Craniofacial and central nervous system malformations induced by triamcinolone acetonide in nonhuman primates: II. Craniofacial pathogenesis

R. M. Parker, Andrew G Hendrickx

Research output: Contribution to journalArticle

5 Scopus citations

Abstract

This study further defines the craniofacial malformations induced by triamcinolone acetonide in the rhesus monkey. Ten timed‐mated pregnant rhesus monkeys (Macaca mulatta) received intramuscular injections of 10 mg/kg TAC on days 23, 25, 27, 29, and 31 of gestation.
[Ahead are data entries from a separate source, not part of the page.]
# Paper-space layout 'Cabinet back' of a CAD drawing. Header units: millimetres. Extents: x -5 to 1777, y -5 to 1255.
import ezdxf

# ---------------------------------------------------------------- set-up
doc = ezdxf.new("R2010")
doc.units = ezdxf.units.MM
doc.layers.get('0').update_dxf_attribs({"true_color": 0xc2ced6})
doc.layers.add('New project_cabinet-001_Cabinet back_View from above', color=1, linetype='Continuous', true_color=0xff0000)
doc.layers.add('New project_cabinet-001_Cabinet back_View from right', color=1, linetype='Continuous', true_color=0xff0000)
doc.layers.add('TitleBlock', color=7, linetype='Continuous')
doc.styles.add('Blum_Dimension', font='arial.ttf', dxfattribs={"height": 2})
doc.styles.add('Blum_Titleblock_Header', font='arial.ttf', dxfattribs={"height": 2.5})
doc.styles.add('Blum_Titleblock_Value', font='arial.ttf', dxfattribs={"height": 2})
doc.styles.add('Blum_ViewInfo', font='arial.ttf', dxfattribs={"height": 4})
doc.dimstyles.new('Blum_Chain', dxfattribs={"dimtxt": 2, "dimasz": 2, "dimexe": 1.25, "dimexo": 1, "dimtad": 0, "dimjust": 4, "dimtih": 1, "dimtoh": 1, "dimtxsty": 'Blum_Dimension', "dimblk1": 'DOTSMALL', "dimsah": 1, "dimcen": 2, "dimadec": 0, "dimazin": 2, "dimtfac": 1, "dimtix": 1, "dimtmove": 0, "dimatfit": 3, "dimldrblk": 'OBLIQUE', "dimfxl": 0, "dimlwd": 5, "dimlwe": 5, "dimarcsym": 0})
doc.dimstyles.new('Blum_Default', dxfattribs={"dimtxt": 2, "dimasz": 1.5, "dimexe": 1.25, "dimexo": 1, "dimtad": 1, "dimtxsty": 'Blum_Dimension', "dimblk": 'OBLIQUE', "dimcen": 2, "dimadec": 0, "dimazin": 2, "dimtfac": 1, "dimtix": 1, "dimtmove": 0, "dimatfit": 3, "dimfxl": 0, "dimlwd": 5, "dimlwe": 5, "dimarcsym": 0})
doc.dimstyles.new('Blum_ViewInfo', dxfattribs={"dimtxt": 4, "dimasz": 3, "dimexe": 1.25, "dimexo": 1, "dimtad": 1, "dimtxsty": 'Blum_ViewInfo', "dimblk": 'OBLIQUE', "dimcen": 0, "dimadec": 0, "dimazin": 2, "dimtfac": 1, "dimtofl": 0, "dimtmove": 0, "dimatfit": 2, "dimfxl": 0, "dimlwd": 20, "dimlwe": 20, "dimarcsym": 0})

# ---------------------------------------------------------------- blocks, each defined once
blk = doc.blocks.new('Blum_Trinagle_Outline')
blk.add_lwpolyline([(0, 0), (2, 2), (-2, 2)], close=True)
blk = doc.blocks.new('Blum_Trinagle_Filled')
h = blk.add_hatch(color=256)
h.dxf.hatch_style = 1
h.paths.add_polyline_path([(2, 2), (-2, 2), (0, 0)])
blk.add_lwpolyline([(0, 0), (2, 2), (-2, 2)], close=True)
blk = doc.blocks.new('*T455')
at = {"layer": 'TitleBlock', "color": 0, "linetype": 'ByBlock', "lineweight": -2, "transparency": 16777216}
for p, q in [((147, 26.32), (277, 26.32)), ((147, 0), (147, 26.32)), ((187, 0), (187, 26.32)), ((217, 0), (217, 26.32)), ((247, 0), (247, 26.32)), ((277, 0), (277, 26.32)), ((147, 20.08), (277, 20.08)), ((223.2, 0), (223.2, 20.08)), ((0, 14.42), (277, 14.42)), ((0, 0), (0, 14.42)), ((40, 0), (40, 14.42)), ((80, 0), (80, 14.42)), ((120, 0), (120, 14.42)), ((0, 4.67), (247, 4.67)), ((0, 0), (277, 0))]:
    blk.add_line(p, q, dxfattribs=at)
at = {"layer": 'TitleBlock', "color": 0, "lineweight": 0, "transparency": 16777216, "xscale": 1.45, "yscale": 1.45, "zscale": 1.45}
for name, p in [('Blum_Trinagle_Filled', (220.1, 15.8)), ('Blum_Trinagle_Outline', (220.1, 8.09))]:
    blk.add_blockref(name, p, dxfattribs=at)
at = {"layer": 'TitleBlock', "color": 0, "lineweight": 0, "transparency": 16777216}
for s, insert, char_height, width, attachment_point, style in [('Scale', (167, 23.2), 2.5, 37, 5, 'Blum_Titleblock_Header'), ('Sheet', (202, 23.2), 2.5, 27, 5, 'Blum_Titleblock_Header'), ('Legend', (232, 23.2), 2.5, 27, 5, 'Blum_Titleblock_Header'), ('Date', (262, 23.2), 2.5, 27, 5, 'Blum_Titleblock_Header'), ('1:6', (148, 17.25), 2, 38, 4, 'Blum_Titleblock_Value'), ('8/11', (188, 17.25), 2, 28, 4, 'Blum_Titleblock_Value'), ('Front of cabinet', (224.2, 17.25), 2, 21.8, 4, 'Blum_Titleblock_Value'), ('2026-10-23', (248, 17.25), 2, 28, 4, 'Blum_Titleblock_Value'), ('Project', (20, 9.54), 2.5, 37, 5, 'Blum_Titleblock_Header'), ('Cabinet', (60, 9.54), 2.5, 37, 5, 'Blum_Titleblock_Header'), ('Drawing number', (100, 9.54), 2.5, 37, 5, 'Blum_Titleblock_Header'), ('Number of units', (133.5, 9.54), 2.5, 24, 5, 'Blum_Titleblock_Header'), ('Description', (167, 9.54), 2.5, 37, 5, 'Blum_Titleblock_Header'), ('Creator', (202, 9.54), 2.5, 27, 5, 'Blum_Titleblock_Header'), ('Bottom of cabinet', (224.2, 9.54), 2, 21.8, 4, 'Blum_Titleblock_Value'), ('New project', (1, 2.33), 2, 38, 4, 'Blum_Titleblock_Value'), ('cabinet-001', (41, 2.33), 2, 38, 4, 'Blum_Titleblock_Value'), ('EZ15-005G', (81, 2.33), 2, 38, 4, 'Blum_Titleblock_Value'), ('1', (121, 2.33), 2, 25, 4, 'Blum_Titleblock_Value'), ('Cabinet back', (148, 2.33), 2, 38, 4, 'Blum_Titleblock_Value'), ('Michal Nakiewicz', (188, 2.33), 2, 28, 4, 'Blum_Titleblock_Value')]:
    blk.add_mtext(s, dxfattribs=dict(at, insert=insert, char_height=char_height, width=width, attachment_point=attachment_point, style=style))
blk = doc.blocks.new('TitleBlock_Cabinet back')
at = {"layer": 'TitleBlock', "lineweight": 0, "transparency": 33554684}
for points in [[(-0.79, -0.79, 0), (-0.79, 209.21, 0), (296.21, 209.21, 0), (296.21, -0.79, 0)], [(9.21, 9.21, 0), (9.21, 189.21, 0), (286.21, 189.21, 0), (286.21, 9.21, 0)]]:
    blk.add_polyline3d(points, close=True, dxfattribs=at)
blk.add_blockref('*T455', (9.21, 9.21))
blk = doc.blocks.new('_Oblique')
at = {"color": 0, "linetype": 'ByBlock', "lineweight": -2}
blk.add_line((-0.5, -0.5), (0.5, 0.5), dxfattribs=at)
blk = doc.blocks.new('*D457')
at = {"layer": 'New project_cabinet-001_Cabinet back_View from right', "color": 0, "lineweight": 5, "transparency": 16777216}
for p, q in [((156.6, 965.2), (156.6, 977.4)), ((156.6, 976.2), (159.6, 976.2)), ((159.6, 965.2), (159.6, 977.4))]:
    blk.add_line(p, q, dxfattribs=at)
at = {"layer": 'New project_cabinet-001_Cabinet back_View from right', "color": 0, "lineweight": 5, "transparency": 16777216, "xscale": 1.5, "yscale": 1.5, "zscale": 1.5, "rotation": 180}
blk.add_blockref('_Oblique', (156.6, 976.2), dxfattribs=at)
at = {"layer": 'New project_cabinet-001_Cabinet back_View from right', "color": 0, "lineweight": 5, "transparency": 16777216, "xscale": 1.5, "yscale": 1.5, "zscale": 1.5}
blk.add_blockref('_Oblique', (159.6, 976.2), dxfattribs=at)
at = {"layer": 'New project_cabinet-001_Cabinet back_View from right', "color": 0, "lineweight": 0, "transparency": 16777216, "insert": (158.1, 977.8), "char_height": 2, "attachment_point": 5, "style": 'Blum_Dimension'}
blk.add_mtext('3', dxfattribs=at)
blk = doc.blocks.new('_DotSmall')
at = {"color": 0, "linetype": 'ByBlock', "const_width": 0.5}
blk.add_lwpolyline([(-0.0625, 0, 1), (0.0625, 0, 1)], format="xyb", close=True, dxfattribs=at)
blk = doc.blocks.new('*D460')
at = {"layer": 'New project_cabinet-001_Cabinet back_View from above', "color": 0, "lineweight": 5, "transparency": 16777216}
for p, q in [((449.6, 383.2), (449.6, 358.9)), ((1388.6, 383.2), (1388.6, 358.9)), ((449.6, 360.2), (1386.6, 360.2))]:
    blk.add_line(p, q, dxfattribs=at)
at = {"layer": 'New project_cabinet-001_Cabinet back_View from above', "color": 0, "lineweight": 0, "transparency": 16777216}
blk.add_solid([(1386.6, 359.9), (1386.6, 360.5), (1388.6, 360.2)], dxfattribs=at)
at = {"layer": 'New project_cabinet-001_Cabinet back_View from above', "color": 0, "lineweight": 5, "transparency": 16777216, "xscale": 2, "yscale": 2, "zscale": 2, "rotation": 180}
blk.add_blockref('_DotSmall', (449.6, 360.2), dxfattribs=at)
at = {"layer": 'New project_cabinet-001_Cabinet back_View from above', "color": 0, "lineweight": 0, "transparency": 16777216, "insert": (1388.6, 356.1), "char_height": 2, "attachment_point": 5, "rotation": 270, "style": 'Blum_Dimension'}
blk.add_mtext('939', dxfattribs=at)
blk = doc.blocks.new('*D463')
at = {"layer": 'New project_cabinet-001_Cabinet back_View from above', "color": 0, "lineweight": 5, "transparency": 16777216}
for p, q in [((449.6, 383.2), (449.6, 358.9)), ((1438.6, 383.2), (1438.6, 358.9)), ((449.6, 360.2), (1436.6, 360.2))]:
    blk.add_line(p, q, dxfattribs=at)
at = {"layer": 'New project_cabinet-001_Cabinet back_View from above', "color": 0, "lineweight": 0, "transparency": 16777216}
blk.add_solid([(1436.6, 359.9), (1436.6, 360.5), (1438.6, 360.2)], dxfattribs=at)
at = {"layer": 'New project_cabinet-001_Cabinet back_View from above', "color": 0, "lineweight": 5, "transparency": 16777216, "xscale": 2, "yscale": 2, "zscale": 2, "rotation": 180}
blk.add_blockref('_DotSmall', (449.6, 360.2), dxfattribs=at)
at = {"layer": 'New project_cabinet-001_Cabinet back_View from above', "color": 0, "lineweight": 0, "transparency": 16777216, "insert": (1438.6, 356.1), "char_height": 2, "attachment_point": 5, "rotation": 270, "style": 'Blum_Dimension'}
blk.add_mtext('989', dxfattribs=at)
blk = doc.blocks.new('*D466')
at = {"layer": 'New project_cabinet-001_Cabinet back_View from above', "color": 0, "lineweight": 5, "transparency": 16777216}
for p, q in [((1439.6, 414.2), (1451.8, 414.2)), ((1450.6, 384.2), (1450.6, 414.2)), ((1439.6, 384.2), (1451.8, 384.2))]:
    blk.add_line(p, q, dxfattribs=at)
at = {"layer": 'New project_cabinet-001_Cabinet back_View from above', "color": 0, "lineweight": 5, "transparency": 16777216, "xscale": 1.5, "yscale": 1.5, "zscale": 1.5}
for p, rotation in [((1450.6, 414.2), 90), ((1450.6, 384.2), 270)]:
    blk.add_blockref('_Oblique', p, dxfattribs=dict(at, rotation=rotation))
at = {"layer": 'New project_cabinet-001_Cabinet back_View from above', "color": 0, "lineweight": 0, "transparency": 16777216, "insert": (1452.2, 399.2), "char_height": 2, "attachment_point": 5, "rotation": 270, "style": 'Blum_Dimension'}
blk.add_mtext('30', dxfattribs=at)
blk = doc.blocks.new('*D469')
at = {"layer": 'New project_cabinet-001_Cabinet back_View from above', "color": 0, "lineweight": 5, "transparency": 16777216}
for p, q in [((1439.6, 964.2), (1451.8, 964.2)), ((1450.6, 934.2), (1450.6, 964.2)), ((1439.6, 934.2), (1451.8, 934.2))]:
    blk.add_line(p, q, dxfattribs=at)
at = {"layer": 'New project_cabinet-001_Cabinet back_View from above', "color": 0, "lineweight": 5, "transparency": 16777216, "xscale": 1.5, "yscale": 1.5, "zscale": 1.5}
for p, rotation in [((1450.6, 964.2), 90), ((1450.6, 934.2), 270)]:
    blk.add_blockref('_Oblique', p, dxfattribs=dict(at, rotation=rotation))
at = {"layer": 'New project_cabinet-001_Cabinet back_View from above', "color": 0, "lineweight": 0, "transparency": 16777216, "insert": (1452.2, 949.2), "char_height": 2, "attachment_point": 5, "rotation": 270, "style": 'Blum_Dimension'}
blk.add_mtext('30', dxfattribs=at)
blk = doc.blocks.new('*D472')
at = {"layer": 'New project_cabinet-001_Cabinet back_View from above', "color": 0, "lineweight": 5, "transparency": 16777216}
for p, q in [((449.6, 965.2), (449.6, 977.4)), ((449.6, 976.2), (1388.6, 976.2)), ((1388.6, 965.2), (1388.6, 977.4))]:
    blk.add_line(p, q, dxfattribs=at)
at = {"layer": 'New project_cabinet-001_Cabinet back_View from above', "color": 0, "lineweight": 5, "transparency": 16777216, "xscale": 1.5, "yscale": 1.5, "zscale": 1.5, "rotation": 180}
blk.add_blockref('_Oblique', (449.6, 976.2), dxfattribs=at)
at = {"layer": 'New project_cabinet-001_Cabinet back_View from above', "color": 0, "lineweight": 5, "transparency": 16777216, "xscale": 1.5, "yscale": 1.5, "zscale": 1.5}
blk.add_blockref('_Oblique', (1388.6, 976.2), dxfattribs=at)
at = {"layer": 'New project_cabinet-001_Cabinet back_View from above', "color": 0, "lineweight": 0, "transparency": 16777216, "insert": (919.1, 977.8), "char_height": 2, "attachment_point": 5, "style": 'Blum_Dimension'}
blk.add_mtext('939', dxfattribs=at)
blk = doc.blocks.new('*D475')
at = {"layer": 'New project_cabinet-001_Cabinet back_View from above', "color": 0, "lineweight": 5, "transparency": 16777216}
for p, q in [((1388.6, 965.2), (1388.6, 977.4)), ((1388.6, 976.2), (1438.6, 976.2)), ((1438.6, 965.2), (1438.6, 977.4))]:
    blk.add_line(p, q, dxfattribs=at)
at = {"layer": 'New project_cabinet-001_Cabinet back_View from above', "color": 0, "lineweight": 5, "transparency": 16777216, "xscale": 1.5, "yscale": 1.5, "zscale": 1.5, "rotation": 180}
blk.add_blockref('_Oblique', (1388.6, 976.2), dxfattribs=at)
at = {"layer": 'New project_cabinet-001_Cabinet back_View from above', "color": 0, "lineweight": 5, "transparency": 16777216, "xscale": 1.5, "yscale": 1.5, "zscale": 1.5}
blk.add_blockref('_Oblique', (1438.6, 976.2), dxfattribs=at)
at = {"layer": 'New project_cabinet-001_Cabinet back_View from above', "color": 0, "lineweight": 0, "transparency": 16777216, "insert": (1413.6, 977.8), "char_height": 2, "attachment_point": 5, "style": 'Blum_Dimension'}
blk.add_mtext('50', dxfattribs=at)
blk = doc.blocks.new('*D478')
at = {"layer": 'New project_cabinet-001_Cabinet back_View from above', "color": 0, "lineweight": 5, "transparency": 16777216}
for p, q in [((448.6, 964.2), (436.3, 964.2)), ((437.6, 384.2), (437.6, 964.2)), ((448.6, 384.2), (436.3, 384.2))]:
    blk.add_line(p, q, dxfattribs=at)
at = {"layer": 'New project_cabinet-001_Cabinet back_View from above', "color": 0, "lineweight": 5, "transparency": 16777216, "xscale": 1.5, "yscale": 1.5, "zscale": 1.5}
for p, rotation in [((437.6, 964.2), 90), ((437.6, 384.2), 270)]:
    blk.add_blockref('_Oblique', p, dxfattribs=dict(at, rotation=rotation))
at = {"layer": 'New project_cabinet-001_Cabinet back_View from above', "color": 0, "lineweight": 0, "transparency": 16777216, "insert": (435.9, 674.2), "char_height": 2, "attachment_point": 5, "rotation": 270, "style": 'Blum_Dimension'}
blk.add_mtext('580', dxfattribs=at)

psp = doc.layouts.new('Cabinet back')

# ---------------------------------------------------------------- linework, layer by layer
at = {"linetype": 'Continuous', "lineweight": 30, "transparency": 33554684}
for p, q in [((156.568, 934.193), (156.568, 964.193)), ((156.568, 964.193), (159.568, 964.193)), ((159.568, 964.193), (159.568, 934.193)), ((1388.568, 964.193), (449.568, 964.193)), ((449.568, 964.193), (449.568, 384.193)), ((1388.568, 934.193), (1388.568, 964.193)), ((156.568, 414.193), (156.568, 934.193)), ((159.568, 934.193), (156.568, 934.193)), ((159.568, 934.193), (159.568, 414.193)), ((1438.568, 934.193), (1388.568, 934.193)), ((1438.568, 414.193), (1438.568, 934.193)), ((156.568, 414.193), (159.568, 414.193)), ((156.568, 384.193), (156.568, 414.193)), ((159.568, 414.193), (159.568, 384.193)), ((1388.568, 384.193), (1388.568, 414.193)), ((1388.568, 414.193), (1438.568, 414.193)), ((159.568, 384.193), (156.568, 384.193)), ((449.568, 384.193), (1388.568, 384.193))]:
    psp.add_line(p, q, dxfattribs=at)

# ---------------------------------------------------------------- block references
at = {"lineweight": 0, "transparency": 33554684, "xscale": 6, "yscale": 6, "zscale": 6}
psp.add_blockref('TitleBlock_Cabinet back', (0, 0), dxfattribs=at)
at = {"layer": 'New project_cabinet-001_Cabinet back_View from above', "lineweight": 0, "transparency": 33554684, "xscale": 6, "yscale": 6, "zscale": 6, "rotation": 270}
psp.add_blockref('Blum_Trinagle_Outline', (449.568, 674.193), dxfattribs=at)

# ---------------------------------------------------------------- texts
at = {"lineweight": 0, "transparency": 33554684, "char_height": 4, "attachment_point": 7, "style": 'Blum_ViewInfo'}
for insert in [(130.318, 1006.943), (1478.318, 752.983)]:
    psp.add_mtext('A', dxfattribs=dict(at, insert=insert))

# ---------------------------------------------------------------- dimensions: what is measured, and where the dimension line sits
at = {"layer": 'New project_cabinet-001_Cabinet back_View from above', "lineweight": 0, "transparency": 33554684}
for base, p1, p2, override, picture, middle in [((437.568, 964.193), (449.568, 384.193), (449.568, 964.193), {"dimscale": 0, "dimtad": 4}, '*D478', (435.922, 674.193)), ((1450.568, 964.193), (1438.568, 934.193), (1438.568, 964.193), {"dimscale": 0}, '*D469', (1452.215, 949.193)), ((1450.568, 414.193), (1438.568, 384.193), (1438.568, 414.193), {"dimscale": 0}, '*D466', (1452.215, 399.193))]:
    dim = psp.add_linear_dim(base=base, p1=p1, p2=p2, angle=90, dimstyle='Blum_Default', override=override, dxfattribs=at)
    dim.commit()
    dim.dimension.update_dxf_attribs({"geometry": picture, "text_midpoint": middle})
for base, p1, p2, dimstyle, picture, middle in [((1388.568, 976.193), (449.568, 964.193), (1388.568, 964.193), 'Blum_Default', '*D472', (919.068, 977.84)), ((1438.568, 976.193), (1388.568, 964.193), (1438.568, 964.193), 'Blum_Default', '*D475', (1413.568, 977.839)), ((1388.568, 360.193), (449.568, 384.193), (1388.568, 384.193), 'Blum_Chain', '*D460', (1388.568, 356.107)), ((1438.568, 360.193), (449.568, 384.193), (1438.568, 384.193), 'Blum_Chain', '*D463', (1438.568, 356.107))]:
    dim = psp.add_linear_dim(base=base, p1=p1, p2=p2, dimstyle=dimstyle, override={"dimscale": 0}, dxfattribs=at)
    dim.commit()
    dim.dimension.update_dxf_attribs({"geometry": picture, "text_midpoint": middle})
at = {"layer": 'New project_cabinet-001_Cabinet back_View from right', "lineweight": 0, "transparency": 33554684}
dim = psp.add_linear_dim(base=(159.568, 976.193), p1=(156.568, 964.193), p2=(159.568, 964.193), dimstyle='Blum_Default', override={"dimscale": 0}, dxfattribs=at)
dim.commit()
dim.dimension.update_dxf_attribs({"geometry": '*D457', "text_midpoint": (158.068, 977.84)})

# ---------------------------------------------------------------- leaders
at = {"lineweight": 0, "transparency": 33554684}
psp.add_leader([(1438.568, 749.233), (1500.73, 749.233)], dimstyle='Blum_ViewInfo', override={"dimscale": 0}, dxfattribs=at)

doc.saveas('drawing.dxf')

Results of previous experiments with rhesus and bonnet monkeys and baboons indicated that specific craniofacial and brain malformations could be induced with TAC during this period of pregnancy (Hendrickx et al., '80). Stage‐matched TAC‐treated and control embryos (stages 17–18 and 22) and age‐matched TAC‐treated and control fetuses (50, 60, and 70 days gestation) were removed by hysterotomy. Stage 17–18 TAC embryos appeared grossly normal but histologic evaluation revealed a shortened anlage of the posterior cranial base. Stage 22 TAC embryos and all TAC fetuses exhibited craniofacial dysmorphia and encephalocele. The developing sphenoid was the earliest affected and most severely malformed bone. Its defects included reduced anterioposterior and transverse dimensions, reduced orbitosphenoid and alisphenoid, abnormal pituitary fossa, and reduced dorsum and tuberculum sellae. In addition, shortening of the posterior cranial base and decreased cranial base angle was a consistent finding in the treated embryos and fetuses. Decreased ossification and remodeling in the facial bones and abnormal position due to the malformed sphenoid occurred.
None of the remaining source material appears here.